§ **YOUR GOAL**: Print the lines of the data, starting with the first, up to and including the line where "Env_Slope_deg = 0" appears.

[EXERCISE MATERIALS — start]

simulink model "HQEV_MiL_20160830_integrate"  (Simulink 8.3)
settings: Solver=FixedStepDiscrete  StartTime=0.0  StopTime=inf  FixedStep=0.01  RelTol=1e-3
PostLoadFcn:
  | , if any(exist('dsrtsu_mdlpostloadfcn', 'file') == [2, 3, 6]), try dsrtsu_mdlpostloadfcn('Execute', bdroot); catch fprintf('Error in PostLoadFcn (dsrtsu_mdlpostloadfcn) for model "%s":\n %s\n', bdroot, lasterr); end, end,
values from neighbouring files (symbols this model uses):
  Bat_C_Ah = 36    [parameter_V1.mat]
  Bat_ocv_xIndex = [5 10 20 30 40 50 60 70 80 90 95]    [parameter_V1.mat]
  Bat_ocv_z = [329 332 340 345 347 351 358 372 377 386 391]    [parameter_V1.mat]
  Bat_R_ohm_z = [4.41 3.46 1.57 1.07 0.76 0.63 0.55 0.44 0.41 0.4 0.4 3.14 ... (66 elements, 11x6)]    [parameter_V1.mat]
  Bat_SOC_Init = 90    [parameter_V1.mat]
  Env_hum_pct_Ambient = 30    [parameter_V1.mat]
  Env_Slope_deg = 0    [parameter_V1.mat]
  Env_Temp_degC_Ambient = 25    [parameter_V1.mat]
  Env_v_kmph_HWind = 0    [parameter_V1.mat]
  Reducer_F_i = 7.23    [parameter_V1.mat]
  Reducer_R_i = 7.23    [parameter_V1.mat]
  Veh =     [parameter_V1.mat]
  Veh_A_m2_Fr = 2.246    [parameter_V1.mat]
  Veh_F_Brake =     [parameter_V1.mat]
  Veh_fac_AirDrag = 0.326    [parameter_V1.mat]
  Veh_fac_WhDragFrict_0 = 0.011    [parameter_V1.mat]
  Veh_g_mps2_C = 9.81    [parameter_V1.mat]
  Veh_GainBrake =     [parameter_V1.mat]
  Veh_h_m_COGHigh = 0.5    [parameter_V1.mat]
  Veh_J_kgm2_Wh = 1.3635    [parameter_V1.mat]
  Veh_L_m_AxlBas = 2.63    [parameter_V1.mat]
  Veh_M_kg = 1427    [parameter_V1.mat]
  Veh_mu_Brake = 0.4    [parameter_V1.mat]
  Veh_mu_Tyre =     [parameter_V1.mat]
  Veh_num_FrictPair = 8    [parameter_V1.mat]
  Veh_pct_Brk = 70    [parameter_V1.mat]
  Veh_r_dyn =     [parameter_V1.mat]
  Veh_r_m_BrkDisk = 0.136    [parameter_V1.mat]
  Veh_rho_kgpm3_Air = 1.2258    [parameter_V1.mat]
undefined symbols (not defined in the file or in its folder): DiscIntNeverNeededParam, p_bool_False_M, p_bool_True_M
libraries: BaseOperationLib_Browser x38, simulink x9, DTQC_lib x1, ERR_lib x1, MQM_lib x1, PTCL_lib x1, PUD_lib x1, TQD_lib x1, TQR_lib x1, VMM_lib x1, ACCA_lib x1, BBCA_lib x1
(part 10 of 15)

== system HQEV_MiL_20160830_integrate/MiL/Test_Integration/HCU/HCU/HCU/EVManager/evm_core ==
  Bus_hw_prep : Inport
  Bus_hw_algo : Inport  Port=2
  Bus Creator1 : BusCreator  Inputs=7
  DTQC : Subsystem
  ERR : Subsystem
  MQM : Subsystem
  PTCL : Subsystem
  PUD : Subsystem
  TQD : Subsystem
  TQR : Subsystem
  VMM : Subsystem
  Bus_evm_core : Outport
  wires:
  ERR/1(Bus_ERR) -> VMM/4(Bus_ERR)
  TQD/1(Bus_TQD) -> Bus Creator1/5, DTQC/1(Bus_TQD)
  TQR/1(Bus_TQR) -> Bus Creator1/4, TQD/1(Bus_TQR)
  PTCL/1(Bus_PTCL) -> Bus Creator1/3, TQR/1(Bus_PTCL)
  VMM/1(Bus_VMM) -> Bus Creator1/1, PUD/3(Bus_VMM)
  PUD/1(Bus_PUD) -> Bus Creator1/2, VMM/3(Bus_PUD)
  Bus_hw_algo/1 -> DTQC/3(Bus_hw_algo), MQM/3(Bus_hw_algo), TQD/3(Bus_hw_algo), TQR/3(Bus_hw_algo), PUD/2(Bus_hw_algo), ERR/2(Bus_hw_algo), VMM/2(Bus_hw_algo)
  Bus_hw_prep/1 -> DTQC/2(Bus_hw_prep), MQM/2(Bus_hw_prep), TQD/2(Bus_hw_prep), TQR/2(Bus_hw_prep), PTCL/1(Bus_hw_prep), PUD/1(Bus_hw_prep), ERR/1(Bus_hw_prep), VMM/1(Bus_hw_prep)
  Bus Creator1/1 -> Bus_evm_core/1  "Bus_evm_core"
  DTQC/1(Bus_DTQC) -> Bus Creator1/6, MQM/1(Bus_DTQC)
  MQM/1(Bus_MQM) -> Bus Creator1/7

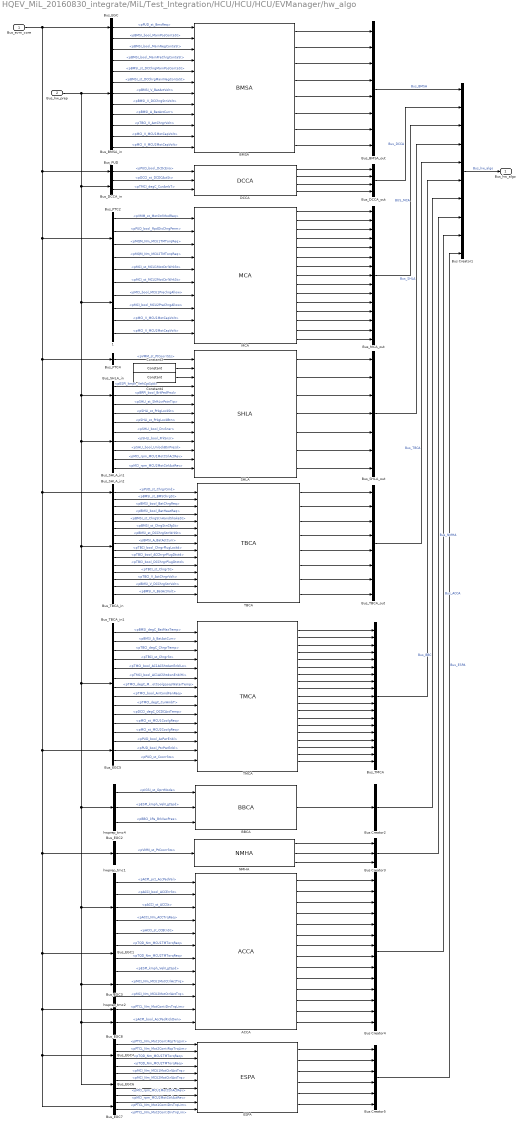
== system HQEV_MiL_20160830_integrate/MiL/Test_Integration/HCU/HCU/HCU/EVManager/hw_algo ==
  Bus_evm_core : Inport
  Bus_hw_prep : Inport  Port=2
  " 1" : BusSelector  OutputSignals=Bus_MCI.pMCI_st_MCU1MotCtrlWrkSt,Bus_MCI.pMCI_st_MCU2MotCtrlWrkSt,Bus_MCI.pMCI_bool_MCU1PrechrgAllow,Bus_MCI.pMCI_bool_MCU2PreChrgAllow,Bus_MCI.pMCI_V_MCU1MotCapVolt,Bus_MCI.pMCI_V_MCU2MotCapVolt
  ACCA : ACCA_lib/ACCA  SystemSampleTime=-1
  BBCA : BBCA_lib/BBCA  SystemSampleTime=-1
  BMSA : BMSA_lib/BMSA  SystemSampleTime=-1
  Bus Creator1 : BusCreator  Inputs=10
  Bus Creator2 : BusCreator  Inputs=1
  Bus Creator3 : BusCreator  Inputs=3
  Bus Creator4 : BusCreator  Inputs=14
  Bus Creator5 : BusCreator  Inputs=6
  Bus_BMSA_in : BusSelector  OutputSignals=Bus_BMSI.pBMSI_bool_MainPosContaSt,Bus_BMSI.pBMSI_bool_MainNegContaSt,Bus_BMSI.pBMSI_bool_MainPreChrgContaSt,Bus_BMSI.pBMSI_st_DCChrgMainPosContaSt,Bus_BMSI.pBMSI_st_DCChrgMainNegContaSt,Bus_BMSI.pBMSI_V_BatActVolt,Bus_BMSI.pBMSI_V_DCChrgStnVolt,Bus_BMSI.pBMSI_A_BatActCurr,Bus_TBCI.pTBCI_V_ActChrgrVolt,Bus_MCI.pMCI_V_MCU1MotCapVolt,Bus_MCI.pMCI_V_MCU2MotCapVolt
  Bus_BMSA_out : BusCreator  Inputs=8
  Bus_DCCA_in : BusSelector  OutputSignals=Bus_DCCI.pDCCI_st_DCDCActSt,Bus_TMCI.pTMCI_degC_CurAmbT
  Bus_DCCA_out : BusCreator
  Bus_EGC : BusSelector  OutputSignals=Bus_PUD.pPUD_st_BmsReq
  Bus_EGC1 : BusSelector  OutputSignals=Bus_TQD.pTQD_Nm_MCU1TMTorqReq,Bus_TQD.pTQD_Nm_MCU2TMTorqReq
  Bus_EGC2 : BusSelector  OutputSignals=Bus_VMM.pVMM_st_PtCoorrSts
  Bus_EGC3 : BusSelector  OutputSignals=Bus_PTCL.pPTCL_Nm_MotContiDrvTrqLim
  Bus_EGC4 : BusSelector  OutputSignals=Bus_PTCL.pPTCL_Nm_Mot1ContiRcpTrqLim,Bus_PTCL.pPTCL_Nm_Mot2ContiRcpTrqLim,Bus_TQD.pTQD_Nm_MCU1TMTorqReq,Bus_TQD.pTQD_Nm_MCU2TMTorqReq
  Bus_EGC5 : BusSelector  OutputSignals=Bus_PUD.pPUD_bool_AcPwrEnbl,Bus_PUD.pPUD_bool_PtcPwrEnbl,Bus_PUD.pPUD_st_CoorrSts
  Bus_EGC6 : BusSelector  OutputSignals=Bus_MCI.pMCI_Nm_MCU1MotCtrlActTrq,Bus_MCI.pMCI_Nm_MCU2MotCtrlActTrq,Bus_MCI.pMCI_rpm_MCU1MotCtrlActRev,Bus_MCI.pMCI_rpm_MCU2MotCtrlActRev
  Bus_EGC7 : BusSelector  OutputSignals=Bus_PTCL.pPTCL_Nm_Mot1ContiDrvTrqLim,Bus_PTCL.pPTCL_Nm_Mot2ContiDrvTrqLim
  Bus_EGC8 : BusSelector  OutputSignals=Bus_ACPI.pACPI_bool_AccPedKickDwn
  Bus_MCA_out : BusCreator  Inputs=15
  Bus_PTC2 : BusSelector  OutputSignals=Bus_VMM.pVMM_st_MotCtrlModReq,Bus_PUD.pPUD_bool_RpdDisChrgPerm,Bus_MQM.pMQM_Nm_MCU1TMTorqReq,Bus_MQM.pMQM_Nm_MCU2TMTorqReq
  Bus_PTC4 : BusSelector  OutputSignals=Bus_VMM.pVMM_st_PtCoorrSts
  Bus_PUD : BusSelector  OutputSignals=Bus_PUD.pPUD_bool_DcDcEna
  Bus_SHLA_in : BusSelector  OutputSignals=Bus_ESPI.pESPI_kmph_VehLgtSpd,Bus_BRPI.pBRPI_bool_BrkPedPrsd,Bus_SHLI.pSHLI_st_ShftLvrPstnTip
  Bus_SHLA_in1 : BusSelector  OutputSignals=Bus_SHLI.pSHLI_st_PrkgLockSt,Bus_SHLI.pSHLI_st_PrkgLockBtn,Bus_SHLI.pSHLI_bool_DrvSnsr,Bus_SHLI.pSHLI_bool_PrkSnsr,Bus_SHLI.pSHLI_bool_UnlockBtnPresd,Bus_MCI.pMCI_rpm_MCU1MotCtrlActRev,Bus_MCI.pMCI_rpm_MCU2MotCtrlActRev
  Bus_SHLA_in2 : BusSelector  OutputSignals=Bus_PUD.pPUD_st_ChrgrCmd
  Bus_SHLA_out : BusCreator  Inputs=7
  Bus_TBCA_in : BusSelector  OutputSignals=Bus_BMSI.pBMSI_st_BMSChrgSt,Bus_BMSI.pBMSI_bool_BatChrgReq,Bus_BMSI.pBMSI_bool_BatHeatReq,Bus_BMSI.pBMSI_st_ChrgStnHandShakeSt,Bus_BMSI.pBMSI_st_ChrgStnCfgSt,Bus_BMSI.pBMSI_st_DCChrgStnWrkSt,Bus_BMSI.pBMSI_A_BatActCurr,Bus_TBCI.pTBCI_bool_ChrgrPlugLockd,Bus_TBCI.pTBCI_bool_ACChrgrPlugDtctd,Bus_TBCI.pTBCI_bool_DCChrgrPlugDtctd,Bus_TBCI.pTBCI_st_ChrgrSt,Bus_TBCI.pTBCI_V_ActChrgrVolt,Bus_BMSI.pBMSI_V_DCChrgStnVolt,Bus_BMSI.pBMSI_V_BatActVolt
  Bus_TBCA_in1 : BusSelector  OutputSignals=Bus_BMSI.pBMSI_degC_BatMaxTemp,Bus_BMSI.pBMSI_A_BatActCurr,Bus_TBCI.pTBCI_degC_ChrgrTemp,Bus_TBCI.pTBCI_st_ChrgrSt,Bus_TMCI.pTMCI_bool_AC1ACShtdwnEnblLo,Bus_TMCI.pTMCI_bool_AC1ACShtdwnEnblHi,Bus_TMCI.pTMCI_degC_MotCoolgLoopWaterTemp,Bus_TMCI.pTMCI_bool_AirCondFanReq,Bus_TMCI.pTMCI_degC_CurAmbT,Bus_DCCI.pDCCI_degC_DCDCActTemp,Bus_MCI.pMCI_st_MCU1CoolgReq,Bus_MCI.pMCI_st_MCU2CoolgReq
  Bus_TBCA_out : BusCreator  Inputs=8
  Bus_TMCA : BusCreator  Inputs=19
  Constant3 : BaseOperationLib_Browser/Sources&Sinks/Constant  Value=p_bool_True_M  OutMin=[]  OutMax=[]  OutDataTypeMode=boolean  OutDataType=fixdt(1, 16)  ConRadixGroup=Use specified scaling  OutScaling=2^0  OutDataTypeStr=boolean
  Constant4 : BaseOperationLib_Browser/Sources&Sinks/Constant  Value=p_bool_False_M  OutMin=[]  OutMax=[]  OutDataTypeMode=boolean  OutDataType=fixdt(1, 16)  ConRadixGroup=Use specified scaling  OutScaling=2^0  OutDataTypeStr=boolean
  DCCA : DCCA_lib/DCCA  SystemSampleTime=-1
  ESPA : ESPA_lib/ESPA  SystemSampleTime=-1
  MCA : MCA_lib/MCA  SystemSampleTime=-1
  NMHA : NMHA_lib/NMHA  SystemSampleTime=-1
  SHLA : SHLA_lib/SHLA  SystemSampleTime=-1
  TBCA : TBCA_lib/TBCA  SystemSampleTime=-1
  TMCA : TMCA_lib/TMCA  SystemSampleTime=-1
  hwprep_tmc1 : BusSelector  OutputSignals=Bus_ACPI.pACPI_pct_AccPedVal,Bus_ACCI.pACCI_bool_ACCErrSt,Bus_ACCI.pACCI_st_ACCSt,Bus_ACCI.pACCI_Nm_ACCTrqReq,Bus_ACCI.pACCI_st_CCBtnSt
  hwprep_tmc2 : BusSelector  OutputSignals=Bus_ESPI.pESPI_kmph_VehLgtSpd,Bus_MCI.pMCI_Nm_MCU1MotCtrlActTrq,Bus_MCI.pMCI_Nm_MCU2MotCtrlActTrq
  hwprep_tmc4 : BusSelector  OutputSignals=Bus_IGSI.pIGSI_st_OprtMode,Bus_ESPI.pESPI_kmph_VehLgtSpd,Bus_BBCI.pBBCI_kPa_BrkVacPres
  Bus_hw_algo : Outport
  wires:
  Bus_BMSA_in/8 -> BMSA/9  "<pBMSI_A_BatActCurr>"
  MCA/15 -> Bus_MCA_out/15
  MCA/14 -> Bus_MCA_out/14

[EXERCISE MATERIALS — finish]

§ **RESULT BELOW**:
simulink model "HQEV_MiL_20160830_integrate"  (Simulink 8.3)
settings: Solver=FixedStepDiscrete  StartTime=0.0  StopTime=inf  FixedStep=0.01  RelTol=1e-3
PostLoadFcn:
  | , if any(exist('dsrtsu_mdlpostloadfcn', 'file') == [2, 3, 6]), try dsrtsu_mdlpostloadfcn('Execute', bdroot); catch fprintf('Error in PostLoadFcn (dsrtsu_mdlpostloadfcn) for model "%s":\n %s\n', bdroot, lasterr); end, end,
values from neighbouring files (symbols this model uses):
  Bat_C_Ah = 36    [parameter_V1.mat]
  Bat_ocv_xIndex = [5 10 20 30 40 50 60 70 80 90 95]    [parameter_V1.mat]
  Bat_ocv_z = [329 332 340 345 347 351 358 372 377 386 391]    [parameter_V1.mat]
  Bat_R_ohm_z = [4.41 3.46 1.57 1.07 0.76 0.63 0.55 0.44 0.41 0.4 0.4 3.14 ... (66 elements, 11x6)]    [parameter_V1.mat]
  Bat_SOC_Init = 90    [parameter_V1.mat]
  Env_hum_pct_Ambient = 30    [parameter_V1.mat]
  Env_Slope_deg = 0    [parameter_V1.mat]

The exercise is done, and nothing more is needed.